Mais la proposition de Toronto n’est pas définie uniquement par les politiques sociales progressistes du Canada. Sa proposition était accompagnée d’un engagement de la part du gouvernement provincial à effectuer les investissements nécessaires pour répondre aux besoins en main-d’œuvre d’Amazon et à les dépasser et à s’assurer de produire le plus grand nombre de diplômés en STIM par habitant en Amérique du Nord. Si Amazon choisissait Toronto, le gouvernement de l’Ontario consacrerait ainsi les cinq prochaines années à augmenter de 25 % le nombre de diplômés dans ces domaines et il préparerait le terrain pour que 1000 étudiants à la maîtrise de plus se lancent dans le domaine de l’intelligence artificielle.

Le Canada fait également appel à l’intelligence artificielle à l’échelle nationale pour attirer Amazon de l’autre côté de la frontière. Le gouvernement canadien a lancé sa stratégie pancanadienne en matière d’intelligence artificielle l’année dernière et s’est engagé à consacrer plus de 125 millions de dollars à la recherche et au développement au moyen de diverses enveloppes consacrées à l’innovation.
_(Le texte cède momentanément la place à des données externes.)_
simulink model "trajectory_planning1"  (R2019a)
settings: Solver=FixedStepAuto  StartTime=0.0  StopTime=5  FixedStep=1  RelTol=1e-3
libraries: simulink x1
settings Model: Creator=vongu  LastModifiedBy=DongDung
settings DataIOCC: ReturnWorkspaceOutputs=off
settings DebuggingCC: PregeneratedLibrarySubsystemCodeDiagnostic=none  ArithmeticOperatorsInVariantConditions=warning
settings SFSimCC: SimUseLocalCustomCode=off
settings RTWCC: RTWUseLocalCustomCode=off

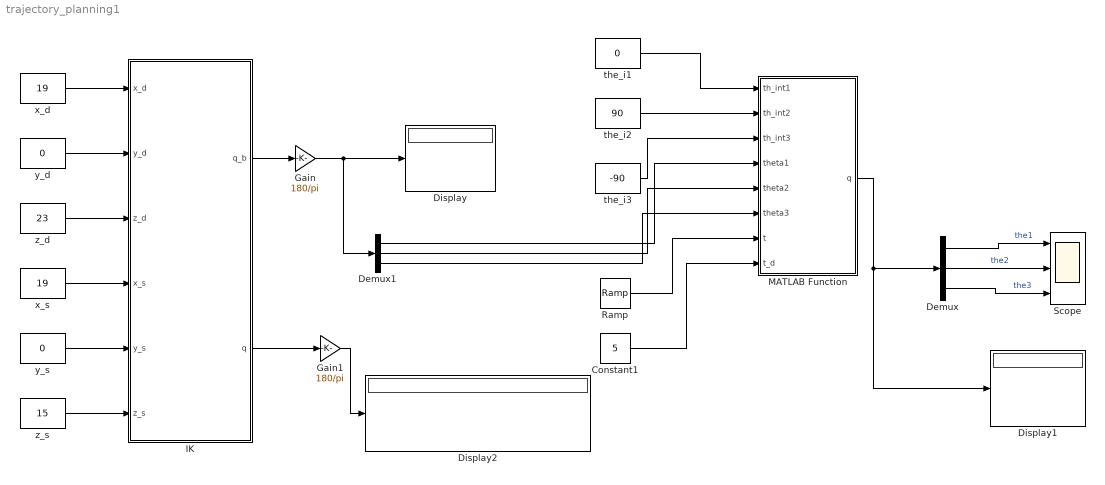
== system trajectory_planning1 ==
  Constant1 : Constant  Value=5  SampleTime=-1
  Demux : Demux  Outputs=3
  Demux1 : Demux  Outputs=3
  Display : Display
  Display1 : Display
  Display2 : Display
  Gain : Gain  Gain=180/pi
  Gain1 : Gain  Gain=180/pi
  IK : MATLAB Function  TreatAsAtomicUnit=on
  MATLAB Function : MATLAB Function  TreatAsAtomicUnit=on
  Ramp : simulink/Sources/Ramp  slope=1  start=0  InitialOutput=0
  Scope : Scope  NumInputPorts=3
  the_i1 : Constant  Value=0  SampleTime=-1
  the_i2 : Constant  Value=90  SampleTime=-1
  the_i3 : Constant  Value=-90  SampleTime=-1
  x_d : Constant  Value=19  SampleTime=-1
  x_s : Constant  Value=19  SampleTime=-1
  y_d : Constant  Value=0  SampleTime=-1
  y_s : Constant  Value=0  SampleTime=-1
  z_d : Constant  Value=23  SampleTime=-1
  z_s : Constant  Value=15  SampleTime=-1
  wires:
  Gain/1 -> Demux1/1, Display/1
  IK/1(q_b) -> Gain/1
  x_s/1 -> IK/4(x_s)
  y_s/1 -> IK/5(y_s)
  z_s/1 -> IK/6(z_s)
  z_d/1 -> IK/3(z_d)
  y_d/1 -> IK/2(y_d)
  x_d/1 -> IK/1(x_d)
  Demux1/3 -> MATLAB Function/6(theta3)
  Ramp/1 -> MATLAB Function/7(t)
  the_i3/1 -> MATLAB Function/3(th_int3)
  Demux/2 -> Scope/2  "the2"
  the_i2/1 -> MATLAB Function/2(th_int2)
  Demux1/1 -> MATLAB Function/4(theta1)
  Demux/3 -> Scope/3  "the3"
  MATLAB Function/1(q) -> Demux/1, Display1/1
  Demux/1 -> Scope/1  "the1"
  the_i1/1 -> MATLAB Function/1(th_int1)
  Demux1/2 -> MATLAB Function/5(theta2)
  Constant1/1 -> MATLAB Function/8(t_d)
  Gain1/1 -> Display2/1
  IK/2(q) -> Gain1/1

== matlab function trajectory_planning1/MATLAB Function ==
  data: th_int1 input; th_int2 input; th_int3 input; q output; theta1 input; theta2 input; theta3 input; t input; t_d input
function q  = fcn(th_int1, th_int2, th_int3, theta1, theta2, theta3, t, t_d )
a1 = th_int1;
b1 = 0;
c1=  3*(theta1-th_int1)/ t_d^2;
d1= -2*(theta1-th_int1)/ t_d^3;
q1 = a1 + b1 * t + c1 * t^2 + d1 * t^3;

a2 = th_int2;
b2 = 0;
c2=  3*(theta2-th_int2)/ t_d^2;
d2= -2*(theta2-th_int2)/ t_d^3;
q2 = a2 + b2 * t + c2 * t^2 + d2 * t^3;

a3 = th_int3;
b3 = 0;
c3=  3*(theta3-th_int3)/ t_d^2;
d3= -2*(theta3-th_int3)/ t_d^3;
q3 = a3 + b3 * t + c3 * t^2 + d3 * t^3;

if t>t_d
  t_d = 0;
end

q=[q1,q2,q3];

== matlab function trajectory_planning1/IK ==
  data: x_d input; y_d input; z_d input; x_s input; y_s input; q_b output; z_s input; q output
function [q_b, q]   = fcn( x_d, y_d, z_d, x_s, y_s, z_s)
L1 = 11; L2 = 23; L3 = 19; d = 4;
q_s= zeros(4,3);
q_b = zeros(1,3);
q1_d = atan2(y_d,x_d);
q11_d = - (pi - q1_d);
costhe3_d = (x_d^2+y_d^2+z_d^2-L2^2-L3^2)/(2*L2*L3);
q31_d = atan2(-sqrt(1-costhe3_d^2),costhe3_d);
q32_d = atan2(sqrt(1-costhe3_d^2),costhe3_d);
q33_d = q31_d;
q34_d = q32_d;
q21_d = atan2(z_d,sqrt(x_d^2+y_d^2))-atan2(L3*sin(q31_d),L2+L3*cos(q31_d));
q22_d = atan2(z_d,sqrt(x_d^2+y_d^2))-atan2(L3*sin(q32_d),L2+L3*cos(q32_d));
q23_d = pi - q22_d;
q24_d = pi - q21_d;

 
q1_s = atan2(y_s,x_s);
q11_s = - (pi - q1_s);
costhe3_s = (x_s^2+y_s^2+z_s^2-L2^2-L3^2)/(2*L2*L3);
q31_s = atan2(-sqrt(1-costhe3_s^2),costhe3_s);
q32_s = atan2(sqrt(1-costhe3_s^2),costhe3_s);
q33_s = q31_s;
q34_s = q32_s;
q21_s = atan2(z_s,sqrt(x_s^2+y_s^2))-atan2(L3*sin(q31_s),L2+L3*cos(q31_s));
q22_s = atan2(z_s,sqrt(x_s^2+y_s^2))-atan2(L3*sin(q32_s),L2+L3*cos(q32_s));
q23_s = pi-q22_s;
q24_s = pi - q21_s;



e1 = (q1_s - q1_d )^2 + (q21_s - q21_d)^2 + (q31_s - q31_d )^2;
e2 = (q1_s - q1_d )^2 + (q22_s - q22_d)^2 + (q32_s - q32_d )^2;
e3 = (q11_s - q11_d )^2 + (q23_s - q23_d)^2 + (q33_s - q33_d )^2;
e4 = (q11_s - q11_d )^2 + (q24_s - q24_d)^2 + (q34_s - q34_d )^2;
e = [e1 e2 e3 e4 ];
min_e = min(e);

  if e1 == min_e
    q_b1 = q1_s;
    q_b2 = q21_s;
    q_b3 = q31_s;
  elseif e2 == min_e
    q_b1 = q1_s;
    q_b2 = q22_s;
    q_b3 = q32_s;
  elseif e3 == min_e
    q_b1 = q11_s;
    q_b2 = q23_s;
    q_b3 = q33_s;
  else 
    q_b1 = q11_s;
    q_b2 = q24_s;
    q_b3 = q34_s;
  end
  
q=[q1_s q21_s q31_s;q1_s q22_s q32_s ;q11_s q23_s q33_s ;q11_s q24_s q34_s];


q_b = [q_b1 q_b2 q_b3];

Amazon n’est pas la seule à profiter de ces investissements. Il s’agit de dépenses qui touchent les Canadiens personnellement et qui visent à couvrir tous les aspects, allant d’entreprises technologiques en démarrage et d’innovateurs talentueux étrangers en passant par des établissements universitaires et des services publics. Toutefois, en présélectionnant Toronto, Amazon pourrait bien avoir reconnu que la main-d’œuvre de cette ville est en effet à l’épreuve du temps. Comme James Tamney l’a mentionné dans le magazine Forbes, « Toronto est attrayante pour Amazon en raison de la position plus ouverte du Canada en matière d’immigration. Il ne fait aucun doute que le gouvernement canadien veut, lui aussi, contrôler l’arrivée des étrangers, mais, de manière générale, il est plus facile pour un étranger de vivre et de travailler au Canada qu’aux États-Unis. » [traduction]

La devise de Toronto, « la diversité est notre force », n’est pas juste un slogan de ville ou une suite de mots creux qui énoncent un idéal. Il s’agit d’un engagement auquel les Torontois et les Canadiens tiennent.

À Toronto, le deuxième siège social d’Amazon serait une autre histoire d’immigration réussie au Canada. Cette année, Amazon doit décider si elle reste aux États-Unis ou si elle demande une autre citoyenneté, canadienne celle-ci, dans un pays où les bons types d’investissements sont réalisés. Et tout ce qu’Amazon doit faire, c’est dire « oui ».